ACTION: Compliance bulletin and policy guidance.
-----------------------------------------------------------------------
SUMMARY: The Consumer Financial Protection Bureau (Bureau or CFPB) is
issuing this Compliance Bulletin regarding repossession of vehicles,
and the potential for violations of sections 1031 and 1036 of the Dodd-
Frank Wall Street Reform and Consumer Protection Act's (Dodd-Frank
Act's) prohibition on engaging in unfair, deceptive, or abusive acts or
practices (collectively, UDAAPs) when repossessing vehicles.

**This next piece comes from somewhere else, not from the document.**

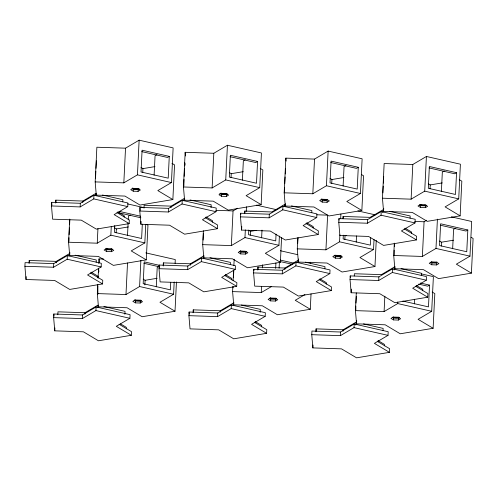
<?xml version="1.0" encoding="UTF-8"?>
<svg xmlns="http://www.w3.org/2000/svg" width="498" height="498" viewBox="0 0 498 498"><rect width="100%" height="100%" fill="white"/><g stroke="black" fill="none" stroke-linecap="round" stroke-linejoin="round"><path stroke-width="0.75" d="M102.588 283.941L69.708 289.431L54.668 280.455L26.008 279.502L24.9 266.281L25.081 262.651L53.734 263.61L67.348 255.592L101.337 263.317L101.162 266.953L87.548 274.964L102.588 283.941L102.762 280.312L90.337 272.898M26.008 279.502L26.151 276.595M29.083 263.374L29.226 260.473L56.249 261.375L69.091 253.812L68.985 255.991M129.181 223.614L96.307 229.111L81.261 220.135L52.607 219.176L51.493 205.96L51.674 202.325L80.327 203.284L93.948 195.266L127.936 202.997L127.756 206.626L114.142 214.644L129.181 223.614L129.362 219.985L116.937 212.571M55.683 203.053L55.826 200.146L82.849 201.049L95.691 193.492L95.579 195.67M24.9 266.281L53.554 267.239L53.734 263.61M56.181 262.826L56.249 261.375M131.335 335.297L98.455 340.788L83.415 331.811L54.755 330.853L53.647 317.637L53.828 314.008L82.481 314.966L96.095 306.949L130.084 314.674L129.91 318.303L116.295 326.321L131.335 335.297L131.516 331.668L119.09 324.254M54.755 330.853L54.898 327.952M57.83 314.73L57.973 311.829L85.002 312.732L97.838 305.168L97.733 307.347M53.554 267.239L67.174 259.221L67.348 255.592M146.655 224.43L147.962 225.208L146.263 259.888L113.382 265.378L98.343 256.402L69.689 255.443L68.575 242.227L69.708 219.108M68.973 237.664L68.992 241.43M69.122 234.658L69.452 227.897M69.639 224.137L69.857 219.63M69.689 255.443L69.838 252.362M51.493 205.96L80.153 206.919L80.327 203.284M82.774 202.505L82.849 201.049M53.647 317.637L82.307 318.596L82.481 314.966M84.928 314.182L85.002 312.732M80.153 206.919L93.767 198.901L93.948 195.266M172.862 199.561L139.982 205.052L124.942 196.075L96.282 195.116L95.174 181.901L96.867 147.227L125.527 148.18L139.141 140.168L173.13 147.894L171.436 182.567L157.822 190.585L172.862 199.561L174.555 164.882L171.941 163.325M95.535 178.091L95.865 171.331M96.014 168.324L96.382 160.81M96.282 195.116L96.357 193.579M96.176 262.172L96.282 259.993L75.136 255.188M68.575 242.227L97.234 243.186L97.95 228.545M82.307 318.596L95.921 310.578L96.095 306.949M97.558 277.473L97.627 276.017L91.178 272.169M176.448 281.955L175.016 311.244L142.135 316.734L127.09 307.758L98.436 306.799L97.328 293.583L97.776 284.333M98.081 278.17L98.567 268.154M98.797 263.529L99.021 258.904L103.671 259.06M97.869 286.014L97.869 294.293M98.274 277.747L98.349 276.247M98.536 272.493L98.679 269.486L98.872 271.752M98.436 306.799L98.511 305.255M106.64 251.515L104.107 250.002L106.398 248.651L111.228 248.813L113.762 250.326L111.465 251.677L106.64 251.515L106.728 249.697L105.464 248.944M97.234 243.186L110.849 235.168L111.266 226.69M111.465 251.677L111.558 249.859L112.704 249.187M114.758 225.55L114.428 232.311L141.619 238.492L142.316 224.218M116.152 232.796L116.345 228.943L114.409 227.785M122.776 201.852L122.882 199.673L102.488 195.035M95.174 181.901L123.828 182.859L125.527 148.18M124.151 217.147L124.226 215.696L117.777 211.849M127.513 235.486L128.117 223.067M128.272 219.967L128.459 216.082L130.389 214.949M124.892 314.257L125.029 311.35L103.883 306.544M97.328 293.583L125.982 294.542L127.525 262.944M126.305 328.829L126.374 327.373L120.572 323.912M133.24 191.188L130.706 189.682L132.997 188.331L137.822 188.493L140.355 189.999L138.064 191.35L133.24 191.188L133.327 189.377L132.057 188.618M123.828 182.859L137.448 174.842L139.141 140.168M138.064 191.35L138.151 189.539L139.297 188.86M217.477 228.694L184.596 234.185L169.557 225.208L140.897 224.249L139.789 211.034L139.963 207.405L168.623 208.363L182.237 200.345L216.225 208.071L216.051 211.7L202.431 219.718L217.477 228.694L217.651 225.065L205.226 217.651M135.388 302.871L132.854 301.358L135.151 300.008L139.975 300.17L142.509 301.682L140.212 303.033L135.388 302.871L135.481 301.053L134.211 300.3M142.752 172.476L142.938 168.617L141.002 167.459M140.897 224.249L141.04 221.349M125.982 294.542L139.596 286.524L140.878 260.323M143.972 208.127L144.115 205.226L171.138 206.128L183.98 198.565L183.874 200.744M140.212 303.033L140.305 301.215L141.451 300.543M146.263 259.888L131.223 250.911L144.837 242.893L145.74 224.399M144.862 284.924L145.092 280.293L143.156 279.141M154.106 175.165L155.059 155.762L156.982 154.623M156.26 286.842L157.212 267.438L159.136 266.306M236.699 286.35L203.819 291.84L188.779 282.864L160.119 281.905L159.011 268.69L159.192 265.061L187.846 266.019L201.46 258.001L235.448 265.727L235.274 269.356L221.66 277.374L236.699 286.35L236.88 282.721L224.455 275.307M163.195 265.783L163.338 262.882L190.367 263.784L203.203 256.221L203.097 258.4M169.276 156.378L168.212 178.166L141.021 171.984L142.086 150.197L169.276 156.378L167.446 157.455L141.762 151.622M139.789 211.034L168.442 211.992L168.623 208.363M171.069 207.579L171.138 206.128M170.733 282.335L170.366 289.842L143.175 283.667L144.239 261.88L159.348 265.31M175.016 311.244L159.97 302.267L173.584 294.25L174.188 281.918M175.097 263.423L175.284 259.57L145.827 252.878M168.442 211.992L182.056 203.975L182.237 200.345M261.151 204.634L228.271 210.125L213.231 201.155L184.577 200.196L183.463 186.98L185.163 152.301L213.816 153.26L227.43 145.242L261.425 152.967L259.726 187.646L246.112 195.664L261.151 204.634L262.851 169.961L260.23 168.399M184.011 179.411L183.88 186.177M184.16 176.404L184.528 168.89M184.671 165.89L184.82 162.883L185.007 165.149M184.577 200.196L184.652 198.652M159.011 268.69L187.671 269.648L187.846 266.019M190.292 265.235L190.367 263.784M266.604 333.324L233.724 338.814L218.684 329.838L190.031 328.879L188.916 315.664L189.097 312.034L217.751 312.993L231.365 304.975L265.359 312.7L265.179 316.33L251.565 324.347L266.604 333.324L266.785 329.695L254.36 322.274M193.106 312.756L193.243 309.849L220.272 310.758L233.108 303.195L233.002 305.374M187.671 269.648L201.285 261.631L201.46 258.001M281.582 237.633L280.38 262.297L247.5 267.787L232.454 258.811L203.8 257.852L202.692 244.636L203.371 230.761M203.091 240.073L203.421 233.313M203.8 257.852L203.912 255.542M211.028 207.654L211.171 204.746L190.024 199.941M183.463 186.98L212.123 187.939L213.816 153.26M212.447 222.226L212.515 220.77L206.066 216.923M221.529 196.268L218.996 194.755L221.286 193.405L226.117 193.566L228.644 195.079L226.353 196.43L221.529 196.268L221.616 194.45L219.718 193.317M188.916 315.664L217.576 316.622L217.751 312.993M212.123 187.939L225.737 179.921L227.43 145.242M220.197 312.209L220.272 310.758M226.353 196.43L226.441 194.612L227.592 193.94M231.041 177.549L231.228 173.69L229.298 172.538M230.288 264.581L230.393 262.402L210 257.765M202.692 244.636L231.346 245.595L233.045 210.915L237.583 208.245M231.67 279.882L231.738 278.426L225.295 274.579M217.576 316.622L231.19 308.604L231.365 304.975M311.038 293.851L310.285 309.264L277.405 314.755L262.359 305.784L233.705 304.826L232.597 291.61L232.821 286.985M233.12 280.816L233.649 270.028M233.879 265.409L234.178 259.24M232.958 287.794L233.033 286.294M233.475 277.28L233.805 270.514M233.705 304.826L233.817 302.51M318.178 234.527L285.298 240.017L270.258 231.047L241.598 230.088L240.49 216.873L240.671 213.237L269.325 214.196L282.939 206.178L316.927 213.903L316.753 217.539L303.139 225.557L318.178 234.527L318.353 230.898L305.928 223.484M242.401 180.239L243.348 160.835L245.277 159.702M241.598 230.088L241.779 226.453M240.752 253.924L238.218 252.411L240.515 251.06L245.34 251.222L247.873 252.735L245.576 254.086L240.752 253.924L240.845 252.106L239.575 251.353M244.711 213.237L244.817 211.059L271.84 211.961L284.682 204.404L284.576 206.583M231.346 245.595L244.96 237.577L245.34 229.871M246.242 211.376L246.466 206.751M245.576 254.086L245.67 252.268L246.815 251.596M248.757 230.207L248.539 234.72L275.73 240.895L276.06 234.135M250.264 235.205L250.457 231.346L248.521 230.194M257.572 161.452L256.507 183.239L229.31 177.058L230.381 155.276L257.572 161.452L255.735 162.535L230.057 156.696M331.288 290.577L298.408 296.067L283.362 287.091L254.708 286.138L253.6 272.916L253.775 269.287L282.434 270.246L296.049 262.228L330.037 269.953L329.863 273.589L316.242 281.6L331.288 290.577L331.463 286.948L319.037 279.534M257.783 270.016L257.927 267.109L284.949 268.011L297.792 260.448L297.686 262.627M261.624 237.895L262.004 230.132M260.161 312.283L260.298 309.376L241.418 305.081M232.597 291.61L261.251 292.563L261.556 286.4M262.458 267.905L262.608 264.824M261.575 326.85L261.649 325.399L255.2 321.552M240.49 216.873L269.144 217.825L269.325 214.196M270.657 300.898L268.123 299.385L270.42 298.034L275.245 298.196L277.778 299.709L275.487 301.06L270.657 300.898L270.75 299.08L269.48 298.327M275.655 268.366L275.923 262.969M275.487 301.06L275.575 299.242L276.72 298.57M280.38 262.297L265.334 253.32L278.948 245.302L279.403 236.052M279.104 268.167L279.397 262.16M269.144 217.825L282.764 209.814L282.939 206.178M361.853 210.473L328.973 215.964L313.933 206.987L285.279 206.029L284.165 192.813L285.864 158.134L314.518 159.092L328.138 151.075L362.127 158.8L360.428 193.479L346.813 201.497L361.853 210.473L363.552 175.794L361.592 174.624M284.601 187.497L284.582 192.016M284.788 183.743L285.117 176.983M285.267 173.976L285.522 168.716M285.279 206.029L285.391 203.719M253.6 272.916L282.254 273.875L282.434 270.246M284.881 269.462L284.949 268.011M282.254 273.875L295.868 265.857L296.049 262.228M376.245 240.322L374.963 266.523L342.082 272.014L327.043 263.037L298.383 262.079L297.275 248.863L297.804 238.075M297.711 243.547L298.003 237.54M298.383 262.079L298.539 258.997M311.767 212.758L311.873 210.579L291.479 205.948M284.165 192.813L312.825 193.772L314.518 159.092M310.248 263.759L310.329 262.222M313.149 228.059L313.217 226.609L306.768 222.762M389.448 352.341L356.568 357.832L341.522 348.861L312.869 347.903L311.76 334.687L311.935 331.052L340.595 332.01L354.209 323.993L388.197 331.718L388.017 335.353L374.403 343.371L389.448 352.341L389.623 348.712L377.198 341.298M312.869 347.903L313.012 344.996M322.231 202.101L319.697 200.588L321.988 199.244L326.819 199.399L329.352 200.912L327.055 202.263L322.231 202.101L322.318 200.289L321.054 199.53M315.944 331.78L316.087 328.873L343.11 329.776L355.952 322.218L355.809 325.119M312.825 193.772L326.439 185.754L328.138 151.075M327.055 202.263L327.149 200.445L322.318 200.289M324.877 268.808L324.982 266.629L305.342 262.166M297.275 248.863L325.935 249.822L327.628 215.142L316.784 214.781M326.258 284.109L326.327 282.659L319.878 278.805M331.743 183.382L331.936 179.529L330 178.371M335.341 258.151L332.807 256.638L335.098 255.287L339.922 255.449L342.456 256.962L340.165 258.313L335.341 258.151L335.428 256.333L334.164 255.58M416.465 239.924L383.585 245.414L368.539 236.438L339.885 235.479L338.777 222.264L338.951 218.634L367.611 219.593L381.225 211.575L415.214 219.301L415.033 222.93L401.419 230.948L416.465 239.924L416.639 236.289L404.214 228.875M325.935 249.822L339.549 241.804L339.885 234.869M340.676 218.684L340.906 214.059M343.103 186.078L344.05 166.668L345.979 165.535M340.165 258.313L340.252 256.495L341.398 255.823M342.998 218.628L343.103 216.449L370.126 217.358L382.968 209.795L382.825 212.702M343.309 235.187L343.122 238.947L370.313 245.128L370.686 237.614M344.853 239.432L345.039 235.579L346.546 235.324M311.76 334.687L340.414 335.646L340.595 332.01M343.041 331.232L343.11 329.776M427.726 297.206L394.846 302.697L379.806 293.72L351.146 292.762L350.038 279.546L350.219 275.917L378.872 276.876L392.486 268.858L426.475 276.583L426.3 280.212L412.686 288.23L427.726 297.206L427.906 293.577L415.481 286.163M351.146 292.762L351.327 289.133M358.274 167.291L357.209 189.078L330.018 182.897L331.083 161.109L358.274 167.291L356.437 168.368L330.759 162.535M354.259 275.917L354.364 273.738L381.393 274.641L394.229 267.077L394.086 269.984M356.213 242.121L356.512 235.915M340.414 335.646L354.028 327.628L354.209 323.993M432.202 292.046L434.822 293.608L433.123 328.288L400.243 333.778L385.203 324.802L356.543 323.843L355.435 310.628L356.3 292.905M355.833 306.065L355.852 309.831M355.983 303.058L356.313 296.298M356.543 323.843L356.699 320.762M338.777 222.264L367.431 223.222L367.611 219.593M374.963 266.523L359.923 257.547L373.537 249.529L374.029 239.513M367.431 223.222L381.045 215.204L381.225 211.575M460.14 215.864L427.259 221.355L412.22 212.385L383.56 211.426L382.452 198.204L384.151 163.531L412.805 164.489L426.419 156.472L460.407 164.197L458.714 198.876L445.1 206.888L460.14 215.864L461.833 181.191L459.218 179.629M382.887 192.894L383.217 186.134M383.367 183.127L383.697 176.367M350.038 279.546L378.698 280.505L378.872 276.876M383.56 211.426L383.715 208.338M383.037 330.579L383.143 328.4L363.503 323.93M355.435 310.628L384.095 311.586L384.848 296.173M384.419 345.873L384.487 344.423L378.038 340.576M378.698 280.505L392.312 272.487L392.486 268.858M471.139 237.303L473.1 238.474L471.407 273.147L438.526 278.637L423.481 269.667L394.827 268.708L393.719 255.493L394.323 243.161M394.155 250.177L394.198 255.449M394.335 246.423L394.484 243.416M394.827 268.708L394.939 266.393M393.501 319.915L390.967 318.409L393.258 317.058L398.083 317.22L400.616 318.726L398.325 320.077L393.501 319.915L393.588 318.104L392.324 317.344M384.095 311.586L397.709 303.568L397.784 302.031M398.325 320.077L398.412 318.266L399.558 317.587M410.053 218.155L410.159 215.976L389.766 211.339M382.452 198.204L411.111 199.163L412.805 164.489M411.429 233.45L411.504 232L405.055 228.152M414.373 303.892L414.597 299.236M420.517 207.498L417.984 205.985L420.275 204.634L425.099 204.796L427.633 206.309L425.342 207.66L420.517 207.498L420.605 205.68L419.335 204.927M411.111 199.163L424.726 191.145L426.419 156.472M421.314 275.438L421.42 273.259L401.027 268.621M393.719 255.493L422.372 256.451L424.072 221.772L426.662 220.247M425.342 207.66L425.429 205.842L426.574 205.164M422.696 290.739L422.765 289.282L416.322 285.435M430.029 188.779L430.216 184.92L428.28 183.768M420.48 283.045L429.544 285.105L428.473 306.893L402.795 301.053M431.778 264.78L429.245 263.268L431.542 261.917L436.366 262.079L438.9 263.591L436.603 264.942L431.778 264.78L431.866 262.963L430.602 262.209M433.123 328.288L418.083 319.311L431.698 311.294L433.391 276.62L421.308 273.869M422.372 256.451L435.987 248.434L437.418 219.151M436.603 264.942L436.696 263.125L431.866 262.963M441.39 191.469L442.336 172.065L444.26 170.932M441.29 246.062L441.483 242.202L439.547 241.051M452.651 248.751L453.603 229.348L455.527 228.215M456.554 172.681L455.489 194.469L428.299 188.288L429.363 166.5L456.554 172.681L454.724 173.765L429.039 167.926M467.821 229.964L466.757 251.751L439.566 245.57L440.63 223.789L467.821 229.964L465.985 231.047L440.307 225.208M471.407 273.147L456.361 264.177L469.975 256.159L471.674 221.479L451.281 216.842M261.251 292.563L271.628 286.456M304.969 294.567L295.239 300.294L310.285 309.264M429.544 285.105L427.707 286.182L418.644 284.121M142.938 168.617L154.965 166.606M231.228 173.69L243.254 171.686M331.936 179.529L343.956 177.518M116.345 228.943L128.366 226.932M430.216 184.92L442.243 182.915M250.457 231.346L256.47 230.344M145.092 280.293L157.113 278.289M441.483 242.202L453.504 240.198M133.327 189.377L138.151 189.539M221.616 194.45L226.441 194.612M420.605 205.68L425.429 205.842M216.001 210.343L233.045 210.915M414.778 221.461L424.072 221.772M240.845 252.106L245.67 252.268M335.428 256.333L340.252 256.495M106.728 249.697L111.558 249.859M270.75 299.08L275.575 299.242M135.481 301.053L140.305 301.215M393.588 318.104L398.412 318.266M424.726 191.145L458.714 198.876M326.439 185.754L360.428 193.479M381.045 215.204L415.033 222.93M225.737 179.921L259.726 187.646M357.863 210.903L375.231 214.85M137.448 174.842L171.436 182.567M282.764 209.814L316.753 217.539M256.476 205.132L276.869 209.764M435.987 248.434L469.975 256.159M182.056 203.975L216.051 211.7M339.549 241.804L373.537 249.529M127.65 203.925L144.271 207.703M93.767 198.901L127.756 206.626M244.96 237.577L278.948 245.302M392.312 272.487L426.3 280.212M119.265 211.382L140.417 216.188M118.188 212.634L140.847 217.782M280.337 250.731L297.711 254.677M280.262 260.074L293.857 263.162M279.938 261.5L292.027 264.245M295.868 265.857L329.863 273.589M110.849 235.168L144.837 242.893M397.709 303.568L431.698 311.294M201.285 261.631L235.274 269.356M143.916 263.299L159.777 266.909M67.174 259.221L101.162 266.953M354.028 327.628L388.017 335.353M139.596 286.524L173.584 294.25M231.19 308.604L265.179 316.33M95.921 310.578L129.91 318.303M350.219 275.917L350.343 277.386M343.103 216.449L343.29 218.715M338.951 218.634L339.076 220.104M316.087 328.873L316.274 331.139M285.864 158.134L286.113 161.072M257.927 267.109L258.113 269.374M253.775 269.287L253.899 270.756M244.817 211.059L244.941 212.571M240.671 213.237L240.789 214.706M185.163 152.301L185.468 155.974M193.243 309.849L193.436 312.115M189.097 312.034L189.284 314.238M163.338 262.882L163.593 265.901M159.192 265.061L159.372 267.264M139.963 207.405L140.212 210.343M99.021 258.904L99.332 262.577M55.826 200.146L56.013 202.412M51.674 202.325L51.923 205.263M53.828 314.008L54.008 316.211M29.226 260.473L29.419 262.739M245.682 251.334A2.901 0.99 2.8 0 1 242.464 251.689A2.901 0.99 2.8 0 1 240.241 250.662M425.448 204.908A2.901 0.99 2.8 0 1 422.603 205.301A2.901 0.99 2.8 0 1 420.119 204.491M275.861 298.078A2.901 0.99 2.8 0 1 272.742 298.7A2.901 0.99 2.8 0 1 270.146 297.636M327.161 199.517A2.901 0.99 2.8 0 1 323.943 199.866A2.901 0.99 2.8 0 1 321.72 198.839M138.17 188.605A2.901 0.99 2.8 0 1 134.952 188.96A2.901 0.99 2.8 0 1 132.723 187.927M340.271 255.567A2.901 0.99 2.8 0 1 337.426 255.953A2.901 0.99 2.8 0 1 334.949 255.15M226.727 193.454A2.901 0.99 2.8 0 1 223.614 194.071A2.901 0.99 2.8 0 1 221.012 193.006M398.699 317.101A2.901 0.99 2.8 0 1 395.966 317.743A2.901 0.99 2.8 0 1 393.109 316.915M140.592 300.057A2.901 0.99 2.8 0 1 137.473 300.674A2.901 0.99 2.8 0 1 134.877 299.609M436.983 261.967A2.901 0.99 2.8 0 1 434.244 262.608A2.901 0.99 2.8 0 1 431.386 261.78M111.838 248.701A2.901 0.99 2.8 0 1 108.726 249.317A2.901 0.99 2.8 0 1 106.124 248.253"/></g></svg>

DATES: This bulletin is applicable on March 3, 2022.
FOR FURTHER INFORMATION CONTACT: Pax Tirrell, Counsel, Office of
Supervision Policy at 202-435-7097; Tara Flynn, Senior Counsel for
Enforcement Policy and Strategy, Office of Enforcement at 202-435-9734.
If you require this document in an alternative electronic format,
please contact [email protected].
SUPPLEMENTARY INFORMATION:
I. Background
In recent months, there has been extremely strong demand for used
automobiles. Since the start of the COVID-19 pandemic, the average list
price for used automobiles has continued to climb. While there are many
factors contributing to high prices, the Consumer Financial Protection
Bureau is concerned that these market conditions might create
incentives for risky auto repossession practices, since repossessed
automobiles can command these higher prices when resold. To mitigate
harms from these risks, the Bureau is issuing this bulletin to remind
market participants about certain legal obligations under Federal
consumer financial laws.
To secure an auto loan, lenders require borrowers to give creditors
a security interest in the vehicle. If a borrower defaults, a creditor
may exercise its contractual rights to repossess the secured vehicle.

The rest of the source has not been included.